▼

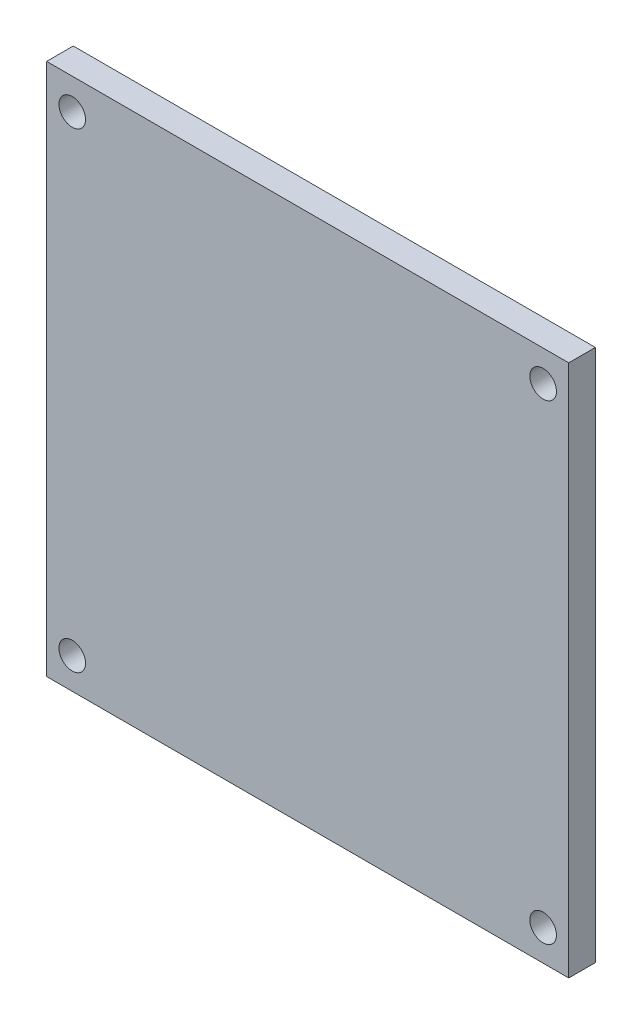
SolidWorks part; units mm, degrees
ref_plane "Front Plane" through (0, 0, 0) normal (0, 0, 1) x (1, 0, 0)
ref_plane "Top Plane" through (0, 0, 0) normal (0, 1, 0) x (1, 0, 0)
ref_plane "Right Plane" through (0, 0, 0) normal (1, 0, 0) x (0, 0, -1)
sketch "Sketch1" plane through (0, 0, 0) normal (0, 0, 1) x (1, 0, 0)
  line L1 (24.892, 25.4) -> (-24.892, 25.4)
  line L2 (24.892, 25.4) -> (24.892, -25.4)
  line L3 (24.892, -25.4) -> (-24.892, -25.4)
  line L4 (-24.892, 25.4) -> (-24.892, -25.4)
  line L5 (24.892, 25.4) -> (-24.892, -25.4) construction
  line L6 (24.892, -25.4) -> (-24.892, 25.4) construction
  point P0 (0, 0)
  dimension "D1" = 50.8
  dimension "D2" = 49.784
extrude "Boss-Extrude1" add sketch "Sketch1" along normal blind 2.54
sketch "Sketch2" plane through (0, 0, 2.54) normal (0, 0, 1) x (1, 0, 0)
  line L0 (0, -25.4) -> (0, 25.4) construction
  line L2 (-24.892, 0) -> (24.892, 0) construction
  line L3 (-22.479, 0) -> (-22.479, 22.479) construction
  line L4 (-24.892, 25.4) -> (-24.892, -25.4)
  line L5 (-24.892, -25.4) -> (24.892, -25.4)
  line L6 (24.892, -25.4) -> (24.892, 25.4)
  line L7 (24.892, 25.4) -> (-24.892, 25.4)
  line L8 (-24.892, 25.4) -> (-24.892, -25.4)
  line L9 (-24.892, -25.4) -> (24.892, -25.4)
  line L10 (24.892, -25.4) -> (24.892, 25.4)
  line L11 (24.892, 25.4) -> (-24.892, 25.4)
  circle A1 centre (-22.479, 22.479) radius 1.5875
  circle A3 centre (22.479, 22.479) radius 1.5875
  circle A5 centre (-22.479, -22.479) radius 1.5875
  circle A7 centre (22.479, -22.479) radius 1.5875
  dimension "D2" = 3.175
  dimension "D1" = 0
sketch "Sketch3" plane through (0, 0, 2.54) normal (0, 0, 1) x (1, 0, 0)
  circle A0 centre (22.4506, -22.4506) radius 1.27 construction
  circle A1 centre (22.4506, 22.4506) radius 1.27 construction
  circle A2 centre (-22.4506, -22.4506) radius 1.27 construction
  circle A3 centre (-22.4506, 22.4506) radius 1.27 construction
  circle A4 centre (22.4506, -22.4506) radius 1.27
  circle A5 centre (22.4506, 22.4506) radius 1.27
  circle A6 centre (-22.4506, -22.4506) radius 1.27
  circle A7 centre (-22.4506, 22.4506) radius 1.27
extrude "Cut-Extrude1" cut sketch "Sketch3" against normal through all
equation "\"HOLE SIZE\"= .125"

▲

Your objective — Wherever a line of the data holds "construction", copy that line.

Response to the exercise —
  line L5 (24.892, 25.4) -> (-24.892, -25.4) construction
  line L6 (24.892, -25.4) -> (-24.892, 25.4) construction
  line L0 (0, -25.4) -> (0, 25.4) construction
  line L2 (-24.892, 0) -> (24.892, 0) construction
  line L3 (-22.479, 0) -> (-22.479, 22.479) construction
  circle A0 centre (22.4506, -22.4506) radius 1.27 construction
  circle A1 centre (22.4506, 22.4506) radius 1.27 construction
  circle A2 centre (-22.4506, -22.4506) radius 1.27 construction
  circle A3 centre (-22.4506, 22.4506) radius 1.27 construction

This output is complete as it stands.